The 12 members of the European Community approach the resolution of the Middle East problems from the viewpoint of the rights of all people — let me emphasise all people — in the region to live in peace and security with justice. As a small country, as was mentioned by many Senators, without any large vested interest in the area, we have a particular contribution to make to the Twelve's policy. We will also have an opportunity, during our Presidency, to play an even greater role. I can reassure the Seanad that we shall avail of that opportunity to the full, to seek any initiative to help formulate a lasting and peaceful solution to the problems of the Middle East.

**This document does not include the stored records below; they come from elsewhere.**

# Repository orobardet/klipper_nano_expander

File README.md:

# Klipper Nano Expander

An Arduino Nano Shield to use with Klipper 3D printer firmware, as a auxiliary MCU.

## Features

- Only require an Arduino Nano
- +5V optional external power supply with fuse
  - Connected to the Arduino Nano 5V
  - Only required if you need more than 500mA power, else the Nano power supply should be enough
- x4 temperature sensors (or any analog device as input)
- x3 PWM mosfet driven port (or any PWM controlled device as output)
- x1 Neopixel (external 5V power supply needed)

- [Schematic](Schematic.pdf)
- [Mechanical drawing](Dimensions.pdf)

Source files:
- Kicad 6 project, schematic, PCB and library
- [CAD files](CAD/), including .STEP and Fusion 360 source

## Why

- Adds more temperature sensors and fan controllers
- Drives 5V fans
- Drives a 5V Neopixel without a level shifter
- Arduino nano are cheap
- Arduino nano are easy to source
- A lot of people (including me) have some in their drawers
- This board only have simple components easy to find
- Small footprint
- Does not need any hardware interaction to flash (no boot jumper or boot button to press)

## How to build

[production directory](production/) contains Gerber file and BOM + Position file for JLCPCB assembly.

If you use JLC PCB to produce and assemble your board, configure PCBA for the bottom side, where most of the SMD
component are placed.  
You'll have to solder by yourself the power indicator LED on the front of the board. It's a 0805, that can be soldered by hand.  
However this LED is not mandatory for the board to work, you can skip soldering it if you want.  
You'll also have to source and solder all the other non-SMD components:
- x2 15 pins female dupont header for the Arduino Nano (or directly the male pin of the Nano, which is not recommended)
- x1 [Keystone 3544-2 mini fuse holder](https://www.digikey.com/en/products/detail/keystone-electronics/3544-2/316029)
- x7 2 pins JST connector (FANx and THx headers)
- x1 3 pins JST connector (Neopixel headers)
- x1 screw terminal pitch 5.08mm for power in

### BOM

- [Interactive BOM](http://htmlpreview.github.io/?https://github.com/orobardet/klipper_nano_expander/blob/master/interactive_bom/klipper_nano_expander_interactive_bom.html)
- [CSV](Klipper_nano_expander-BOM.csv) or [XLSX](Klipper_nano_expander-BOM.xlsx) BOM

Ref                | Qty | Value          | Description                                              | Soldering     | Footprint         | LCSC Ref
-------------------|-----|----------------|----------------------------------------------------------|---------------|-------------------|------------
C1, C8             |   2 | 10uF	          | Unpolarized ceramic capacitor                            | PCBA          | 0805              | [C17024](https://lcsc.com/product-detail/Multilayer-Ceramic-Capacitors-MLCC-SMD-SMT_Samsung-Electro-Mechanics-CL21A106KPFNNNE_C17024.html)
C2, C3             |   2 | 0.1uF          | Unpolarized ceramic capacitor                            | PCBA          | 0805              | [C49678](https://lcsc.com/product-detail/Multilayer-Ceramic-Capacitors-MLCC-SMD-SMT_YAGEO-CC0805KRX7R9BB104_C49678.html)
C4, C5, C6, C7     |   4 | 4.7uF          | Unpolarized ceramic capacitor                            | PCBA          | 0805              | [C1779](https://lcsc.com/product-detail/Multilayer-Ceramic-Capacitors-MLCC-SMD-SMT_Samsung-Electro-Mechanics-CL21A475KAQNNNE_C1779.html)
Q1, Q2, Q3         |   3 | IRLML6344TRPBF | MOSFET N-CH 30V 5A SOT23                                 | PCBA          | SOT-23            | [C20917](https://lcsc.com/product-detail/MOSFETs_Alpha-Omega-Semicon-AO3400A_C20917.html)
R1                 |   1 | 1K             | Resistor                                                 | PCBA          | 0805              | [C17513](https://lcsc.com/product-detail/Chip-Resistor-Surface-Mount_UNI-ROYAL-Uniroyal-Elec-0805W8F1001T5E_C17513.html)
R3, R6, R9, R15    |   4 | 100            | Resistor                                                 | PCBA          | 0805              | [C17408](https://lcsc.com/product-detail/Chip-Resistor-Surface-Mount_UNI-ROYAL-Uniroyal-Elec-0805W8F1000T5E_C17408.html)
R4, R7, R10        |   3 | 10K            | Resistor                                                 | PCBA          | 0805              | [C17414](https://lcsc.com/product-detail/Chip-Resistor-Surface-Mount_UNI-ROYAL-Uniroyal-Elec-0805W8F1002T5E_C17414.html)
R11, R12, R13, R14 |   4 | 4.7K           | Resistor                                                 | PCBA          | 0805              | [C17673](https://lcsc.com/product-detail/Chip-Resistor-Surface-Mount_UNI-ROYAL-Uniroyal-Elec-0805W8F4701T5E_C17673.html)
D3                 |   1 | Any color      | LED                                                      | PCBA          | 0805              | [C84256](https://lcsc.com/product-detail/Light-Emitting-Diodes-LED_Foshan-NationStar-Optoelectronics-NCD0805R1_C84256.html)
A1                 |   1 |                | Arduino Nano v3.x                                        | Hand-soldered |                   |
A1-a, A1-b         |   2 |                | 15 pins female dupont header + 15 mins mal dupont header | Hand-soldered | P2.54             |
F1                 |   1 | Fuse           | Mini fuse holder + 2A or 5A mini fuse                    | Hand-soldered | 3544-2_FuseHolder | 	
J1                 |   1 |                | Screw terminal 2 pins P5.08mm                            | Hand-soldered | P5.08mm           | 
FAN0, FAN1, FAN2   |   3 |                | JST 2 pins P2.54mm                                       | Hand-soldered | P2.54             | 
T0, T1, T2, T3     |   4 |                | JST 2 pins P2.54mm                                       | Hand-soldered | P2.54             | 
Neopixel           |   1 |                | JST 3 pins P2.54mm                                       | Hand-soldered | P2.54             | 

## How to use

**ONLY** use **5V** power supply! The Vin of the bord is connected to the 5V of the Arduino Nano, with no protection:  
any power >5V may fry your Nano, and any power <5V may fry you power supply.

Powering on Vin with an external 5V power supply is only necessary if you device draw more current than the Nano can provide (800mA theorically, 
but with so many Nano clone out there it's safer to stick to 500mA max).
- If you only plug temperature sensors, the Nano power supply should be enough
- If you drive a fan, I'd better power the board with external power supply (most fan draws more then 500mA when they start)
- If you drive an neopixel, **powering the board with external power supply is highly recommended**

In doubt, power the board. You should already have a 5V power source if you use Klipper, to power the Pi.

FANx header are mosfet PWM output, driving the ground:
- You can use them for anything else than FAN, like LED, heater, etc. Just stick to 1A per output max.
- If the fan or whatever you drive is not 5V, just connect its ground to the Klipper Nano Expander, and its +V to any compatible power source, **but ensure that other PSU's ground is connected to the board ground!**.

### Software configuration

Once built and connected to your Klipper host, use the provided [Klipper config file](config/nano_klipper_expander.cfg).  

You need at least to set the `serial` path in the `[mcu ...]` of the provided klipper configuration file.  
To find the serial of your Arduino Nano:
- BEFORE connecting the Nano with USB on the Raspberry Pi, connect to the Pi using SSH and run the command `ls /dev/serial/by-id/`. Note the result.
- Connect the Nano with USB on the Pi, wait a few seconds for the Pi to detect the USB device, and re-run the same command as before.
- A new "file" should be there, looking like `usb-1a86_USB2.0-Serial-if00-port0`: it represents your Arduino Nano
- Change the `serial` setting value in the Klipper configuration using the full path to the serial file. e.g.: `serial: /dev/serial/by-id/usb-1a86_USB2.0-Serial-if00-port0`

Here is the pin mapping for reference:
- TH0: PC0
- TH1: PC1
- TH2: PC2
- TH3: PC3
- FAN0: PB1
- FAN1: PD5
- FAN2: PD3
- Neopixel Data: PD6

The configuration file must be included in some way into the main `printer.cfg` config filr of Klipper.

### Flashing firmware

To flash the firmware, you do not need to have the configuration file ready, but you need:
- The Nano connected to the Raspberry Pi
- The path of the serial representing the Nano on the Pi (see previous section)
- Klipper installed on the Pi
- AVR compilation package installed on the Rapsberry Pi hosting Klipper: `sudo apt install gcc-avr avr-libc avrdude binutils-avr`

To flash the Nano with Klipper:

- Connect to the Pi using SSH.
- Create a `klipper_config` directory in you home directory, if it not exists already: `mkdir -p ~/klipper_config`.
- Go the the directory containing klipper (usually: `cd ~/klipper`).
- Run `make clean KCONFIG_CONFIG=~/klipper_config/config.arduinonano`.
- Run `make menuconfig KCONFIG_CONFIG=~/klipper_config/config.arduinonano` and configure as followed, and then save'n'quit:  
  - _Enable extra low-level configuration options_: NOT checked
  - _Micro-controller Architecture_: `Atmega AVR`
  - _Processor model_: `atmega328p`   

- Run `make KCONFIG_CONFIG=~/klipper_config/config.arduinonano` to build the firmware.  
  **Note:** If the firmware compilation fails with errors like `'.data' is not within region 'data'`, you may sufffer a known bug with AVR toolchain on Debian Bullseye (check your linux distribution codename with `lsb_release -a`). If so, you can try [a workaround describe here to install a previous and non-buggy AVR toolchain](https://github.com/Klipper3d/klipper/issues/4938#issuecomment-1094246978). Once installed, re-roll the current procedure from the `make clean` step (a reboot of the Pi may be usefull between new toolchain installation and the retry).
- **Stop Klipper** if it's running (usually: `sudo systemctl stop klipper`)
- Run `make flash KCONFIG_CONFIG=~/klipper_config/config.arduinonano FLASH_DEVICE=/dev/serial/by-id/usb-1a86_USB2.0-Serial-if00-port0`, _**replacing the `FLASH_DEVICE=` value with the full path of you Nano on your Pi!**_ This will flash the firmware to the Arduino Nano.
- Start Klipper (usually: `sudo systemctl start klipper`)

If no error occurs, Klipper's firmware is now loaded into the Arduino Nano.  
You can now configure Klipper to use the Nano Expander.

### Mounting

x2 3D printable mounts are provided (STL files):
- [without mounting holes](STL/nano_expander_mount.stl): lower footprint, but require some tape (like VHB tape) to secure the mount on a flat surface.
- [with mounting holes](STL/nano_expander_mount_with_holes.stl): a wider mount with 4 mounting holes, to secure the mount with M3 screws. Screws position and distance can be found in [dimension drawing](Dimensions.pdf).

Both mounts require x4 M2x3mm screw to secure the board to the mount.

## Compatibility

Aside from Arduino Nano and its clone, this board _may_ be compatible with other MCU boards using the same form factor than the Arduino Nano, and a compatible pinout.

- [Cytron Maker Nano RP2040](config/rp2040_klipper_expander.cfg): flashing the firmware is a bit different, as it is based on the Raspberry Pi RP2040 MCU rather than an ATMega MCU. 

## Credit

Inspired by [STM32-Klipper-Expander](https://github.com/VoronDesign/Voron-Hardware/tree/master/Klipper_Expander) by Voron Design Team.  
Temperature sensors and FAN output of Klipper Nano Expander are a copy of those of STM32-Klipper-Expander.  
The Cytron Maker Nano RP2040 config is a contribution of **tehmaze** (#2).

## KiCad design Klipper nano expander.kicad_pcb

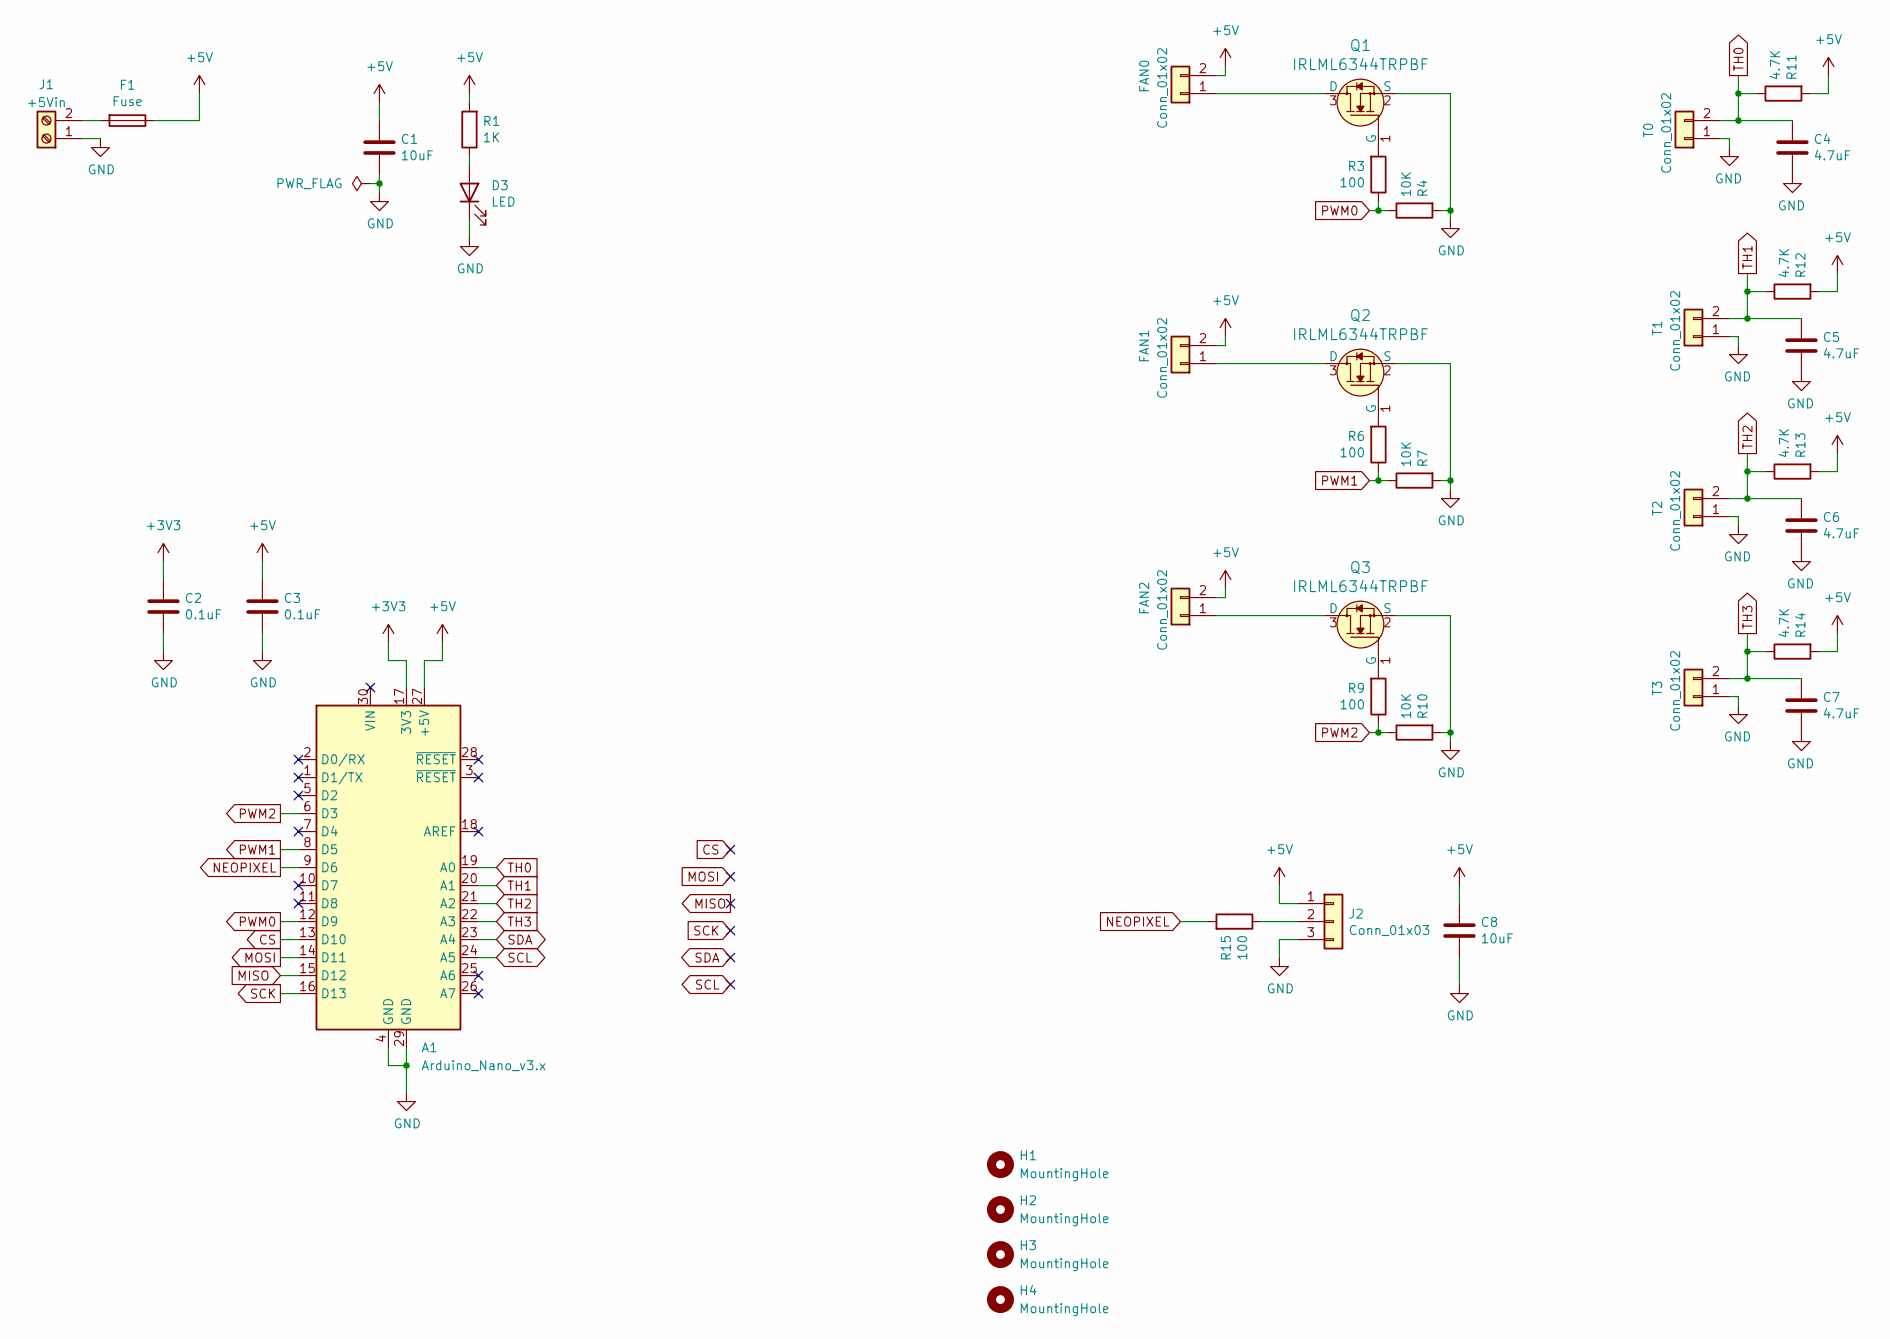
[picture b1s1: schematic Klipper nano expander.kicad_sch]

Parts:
A1: Arduino_Nano_v3.x; Arduino_Nano_WithMountingHoles
C1, C8: 10uF; C_0805_2012Metric; MPN CL21A106KPFNNNE; LCSC C17024
C2, C3: 0.1uF; C_0805_2012Metric; MPN CC0805KRX7R9BB104; LCSC C49678
C4, C5, C6, C7: 4.7uF; C_0805_2012Metric; MPN CC0805KKX5R8BB475; LCSC C1779
D3: LED; LED_0805_2012Metric; MPN 17-215SURC/S530-A2/TR8; LCSC C84256
F1: Fuse; 3544-2_FuseHolder
FAN0, FAN1, FAN2: Conn_01x02; JST_XH_B2B-XH-A_1x02_P2.50mm_Vertical
H1, H2, H3, H4: MountingHole; MountingHole_2mm
J1: +5Vin; TerminalBlock_Phoenix_MKDS-1,5-2-5.08_1x02_P5.08mm_Horizont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
J2: Conn_01x03; JST_XH_B3B-XH-A_1x03_P2.50mm_Vertical
Q1, Q2, Q3: IRLML6344TRPBF; SOT-23; MPN IRLML6344TRPBF; Digi-Key_PN IRLML6344TRPBFCT-ND
R1: 1K; R_0805_2012Metric; MPN RC0805JR-071KL; LCSC C17513
R3, R6, R9, R15: 100; R_0805_2012Metric; MPN RC0805JR-07100RL; LCSC C17408
R4, R7, R10: 10K; R_0805_2012Metric; MPN RC0805JR-0710KL; LCSC C17414
R11, R12, R13, R14: 4.7K; R_0805_2012Metric; MPN RC0805JR-074K7L; LCSC C17673
T0, T1, T2, T3: Conn_01x02; JST_XH_B2B-XH-A_1x02_P2.50mm_Vertical

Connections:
+3V3: A1.17 (3V3), C2.2
+5V: A1.27 (+5V), C1.2, C3.2, C8.2, F1.1, FAN0.2, FAN1.2, FAN2.2, J2.1, R1.2, R11.2, R12.2, R13.2, R14.2
CS: A1.13 (D10)
GND: A1.4 (GND), A1.29 (GND), C1.1, C2.1, C3.1, C4.1, C5.1, C6.1, C7.1, C8.1, D3.1 (K), J1.1, J2.3, Q1.2 (S), Q2.2 (S), Q3.2 (S), R4.2, R7.2, R10.2, T0.1, T1.1, T2.1, T3.1
MISO: A1.15 (D12)
MOSI: A1.14 (D11)
NEOPIXEL: A1.9 (D6), R15.2
unnamed: D3.2 (A), R1.1
unnamed: F1.2, J1.2
unnamed: FAN0.1, Q1.3 (D)
unnamed: FAN1.1, Q2.3 (D)
unnamed: FAN2.1, Q3.3 (D)
unnamed: J2.2, R15.1
unnamed: Q1.1 (G), R3.2
unnamed: Q2.1 (G), R6.2
unnamed: Q3.1 (G), R9.2
PWM0: A1.12 (D9), R3.1, R4.1
PWM1: A1.8 (D5), R6.1, R7.1
PWM2: A1.6 (D3), R9.1, R10.1
SCK: A1.16 (D13)
SCL: A1.24 (A5)
SDA: A1.23 (A4)
TH0: A1.19 (A0), C4.2, R11.1, T0.2
TH1: A1.20 (A1), C5.2, R12.1, T1.2
TH2: A1.21 (A2), C6.2, R13.1, T2.2
TH3: A1.22 (A3), C7.2, R14.1, T3.2

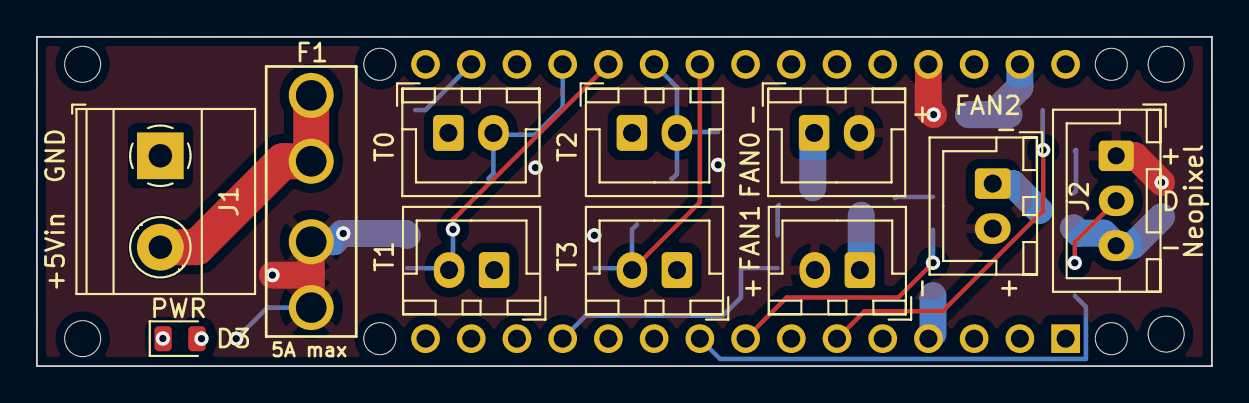
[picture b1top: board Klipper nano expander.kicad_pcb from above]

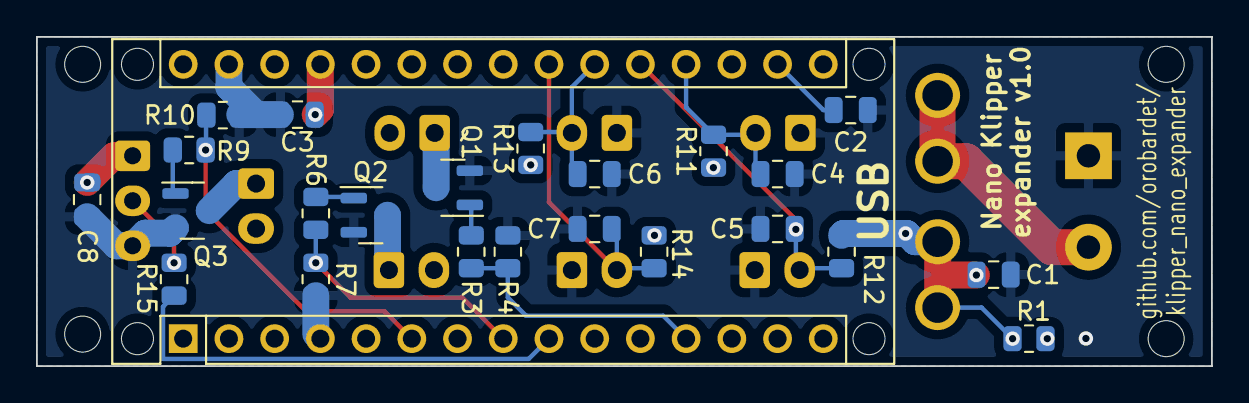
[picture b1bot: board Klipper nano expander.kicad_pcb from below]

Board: 2 copper layers, 65.3 x 18.3 mm, 39 parts (24 on the bottom side), 20 nets.

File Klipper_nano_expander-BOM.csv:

Ref;Qty;Value;Description;Footprint;LCSC Ref
A1;1;;Arduino Nano v3.x;;
A1-a, A1-b;2;;15 pins female dupont header + 15 mins mal dupont header;;
C1, C8;2;10uF;Unpolarized ceramic capacitor;0805;C17024
C2, C3;2;0.1uF;Unpolarized ceramic capacitor;0805;C49678
C4, C5, C6, C7;4;4.7uF;Unpolarized ceramic capacitor;0805;C1779
D3;1;Any color;LED;0805;C84256
F1;1;Fuse;Mini fuse holder + 2A or 5A mini fuse;3544-2_FuseHolder;
Q1, Q2, Q3;3;IRLML6344TRPBF;MOSFET N-CH 30V 5A SOT23;SOT-23;C20917
R1;1;1K;Resistor;0805;C17513
R3, R6, R9, R15;4;100;Resistor;0805;C17408
R4, R7, R10;3;10K;Resistor;0805;C17414
R11, R12, R13, R14;4;4.7K;Resistor;0805;C17673
J1;1;;Screw terminal 2 pins P5.08mm;P5.08mm;
FAN0, FAN1, FAN2;3;;JST 2 pins P2.54mm;P2.54;
T0, T1, T2, T3;4;;JST 2 pins P2.54mm;P2.54;
Neopixel;1;;JST 3 pins P2.54mm;P2.54;

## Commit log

2022-06-19 Fix interactive BOM link
2022-07-05 Fix screw terminal pitch in description
    And some type
2022-11-11 Add flashing firmware instructions
2023-04-11 Create rp2040_klipper_expander.cfg
    Reference configuration for the Cytron Maker Nano RP2040, for those looking to use a Pi Pico (rev B2) RP2040 micro controller, rather than the Arduino ATMega series.
2023-04-12 Add alternative MCU boards and Cytron Maker Nano RP2040

Question put and agreed to.

Acting Chairman

When is it proposed to sit again?

On Wednesday next, at 2.30 p.m. I would like to thank the Minister for his comprehensive address to the motion. There are people who would suggest that Middle East motions are not appropriate. I believe that it is very appropriate that we should discuss a motion of this nature. I thank the Senators who contributed to it. I want particularly to thank the Minister for the manner in which he addressed the motion.

I would also like to add my voice to that. The contribution that the Minister of State at the Department of Foreign Affairs has made to discussion in this House over a period of time deserves to be noted. Whether we agree or disagree with things that he puts forward, his wealth of information and, indeed, his availability, has added signficantly to the level of debate here. Could I suggest that we take a sos until 2.30 p.m. and then take the Adjournment matter?

Before we do that, may I agree with what Senator O'Toole has said about the Minister?

Sitting suspended at 1.55 p.m. and resumed at 2.30 p.m.